Dewa Mavhinga, Human Rights Watch Southern Africa Director, said unpunished crimes of the past have created a sense of impunity in the security forces.
“Over the years, serious abuses and crimes against humanity that include rape committed by security forces have gone unpunished leading to impunity within the security forces and to further cycles of abuses,” Mavhinga told TRT World.
“To bring these abuses to an end the government must demonstrate its condemnation of these horrific crimes by ensuring independent and thorough investigations leading to arrests, trials and jailing of the culprits. Without justice and accountability the impunity will be entrenched and the abuses will likely continue.”

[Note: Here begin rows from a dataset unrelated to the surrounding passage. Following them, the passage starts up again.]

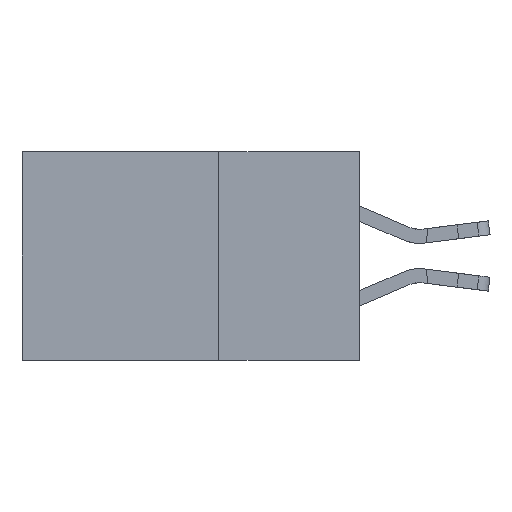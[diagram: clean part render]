
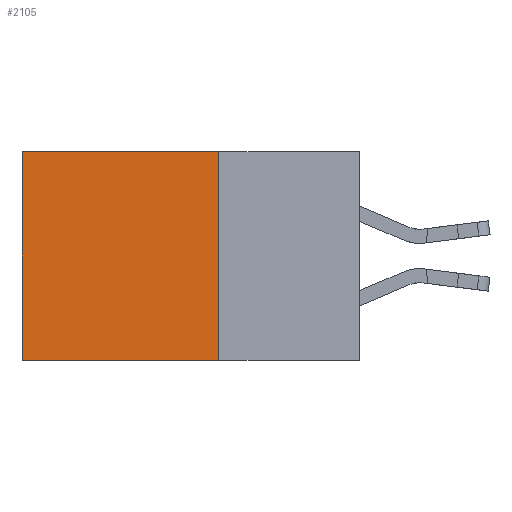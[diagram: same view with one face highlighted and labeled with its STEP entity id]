
A CAD part, left-side view. The second image highlights one B-rep face of the part: STEP entity #2105.
In plain terms, the highlighted planar face has unit normal (-1, 0, 0).
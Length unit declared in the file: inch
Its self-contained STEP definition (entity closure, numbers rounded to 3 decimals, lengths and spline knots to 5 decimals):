
#826 = VERTEX_POINT ( 'NONE', #6867 ) ;
#1104 = CARTESIAN_POINT ( 'NONE',  ( 0.2875, 0.6, 0. ) ) ;
#1697 = LINE ( 'NONE', #18060, #2396 ) ;
#2105 = ADVANCED_FACE ( 'NONE', ( #3517 ), #19651, .F. ) ;
#2285 = CARTESIAN_POINT ( 'NONE',  ( 0.2875, 0.25, 0. ) ) ;
#2396 = VECTOR ( 'NONE', #13856, 39.37008 ) ;
#3517 = FACE_OUTER_BOUND ( 'NONE', #21314, .T. ) ;
#4615 = VERTEX_POINT ( 'NONE', #19760 ) ;
#5171 = VECTOR ( 'NONE', #13181, 39.37008 ) ;
#5536 = VERTEX_POINT ( 'NONE', #16543 ) ;
#5661 = VERTEX_POINT ( 'NONE', #12619 ) ;
#6804 = DIRECTION ( 'NONE',  ( 1., 0., 0. ) ) ;
#6867 = CARTESIAN_POINT ( 'NONE',  ( 0.2875, 0.6, -0.37 ) ) ;
#8305 = EDGE_CURVE ( 'NONE', #5661, #5536, #23862, .T. ) ;
#9857 = ORIENTED_EDGE ( 'NONE', *, *, #20247, .T. ) ;
#11614 = LINE ( 'NONE', #25940, #5171 ) ;
#11869 = EDGE_CURVE ( 'NONE', #5536, #826, #1697, .T. ) ;
#12071 = DIRECTION ( 'NONE',  ( 0., 0., -1. ) ) ;
#12531 = VECTOR ( 'NONE', #20545, 39.37008 ) ;
#12619 = CARTESIAN_POINT ( 'NONE',  ( 0.2875, 0.25, 0. ) ) ;
#12752 = ORIENTED_EDGE ( 'NONE', *, *, #23532, .T. ) ;
#13181 = DIRECTION ( 'NONE',  ( 0., 1., 0. ) ) ;
#13856 = DIRECTION ( 'NONE',  ( 0., 1., 0. ) ) ;
#16125 = LINE ( 'NONE', #1104, #26762 ) ;
#16543 = CARTESIAN_POINT ( 'NONE',  ( 0.2875, 0.25, -0.37 ) ) ;
#17991 = ORIENTED_EDGE ( 'NONE', *, *, #11869, .F. ) ;
#18060 = CARTESIAN_POINT ( 'NONE',  ( 0.2875, 0.25, -0.37 ) ) ;
#18399 = CARTESIAN_POINT ( 'NONE',  ( 0.2875, 0.25, 0. ) ) ;
#19651 = PLANE ( 'NONE',  #27030 ) ;
#19760 = CARTESIAN_POINT ( 'NONE',  ( 0.2875, 0.6, 0. ) ) ;
#20247 = EDGE_CURVE ( 'NONE', #5661, #4615, #11614, .T. ) ;
#20545 = DIRECTION ( 'NONE',  ( 0., 0., -1. ) ) ;
#21314 = EDGE_LOOP ( 'NONE', ( #12752, #17991, #22888, #9857 ) ) ;
#21778 = DIRECTION ( 'NONE',  ( 0., 0., -1. ) ) ;
#22888 = ORIENTED_EDGE ( 'NONE', *, *, #8305, .F. ) ;
#23532 = EDGE_CURVE ( 'NONE', #4615, #826, #16125, .T. ) ;
#23862 = LINE ( 'NONE', #18399, #12531 ) ;
#25940 = CARTESIAN_POINT ( 'NONE',  ( 0.2875, 0.25, 0. ) ) ;
#26762 = VECTOR ( 'NONE', #12071, 39.37008 ) ;
#27030 = AXIS2_PLACEMENT_3D ( 'NONE', #2285, #6804, #21778 ) ;

Members of the Zimbabwe’s security forces regularly participate in regional and international peacekeeping missions when back home they are terrorising the very citizens they exist to protect. Mavhinga thinks this hypocrisy should stop.
During the 1979 Lancaster House conference in London that gave birth to an independent Zimbabwe, the spokesman for the nationalists’ side, the late Eddison Zvobgo, a Harvard-trained lawyer, expounded his vision for a new Zimbabwe, stating: “We do not want to create a socio-legal order in the country in which people are petrified, in which people go to bed having barricaded their doors and their windows because someone belonging to the Special Branch of the police will break into their houses. This is what we have been fighting against.”
Exactly 40 years later, this is what many Zimbabweans are living through.
“Tonight, in our country, children are going to sleep fearful about the shouts in the street, the breaking doors, the screams of people in the street, maybe even witnessing terrible violence, even violence against their parents,” said Tony Reeler, a lawyer and clinical psychologist who has worked with several generations of victims of torture and abuse in Zimbabwe.
“Tomorrow they go out, with fear in their souls about the safety of the world and whom they can trust.”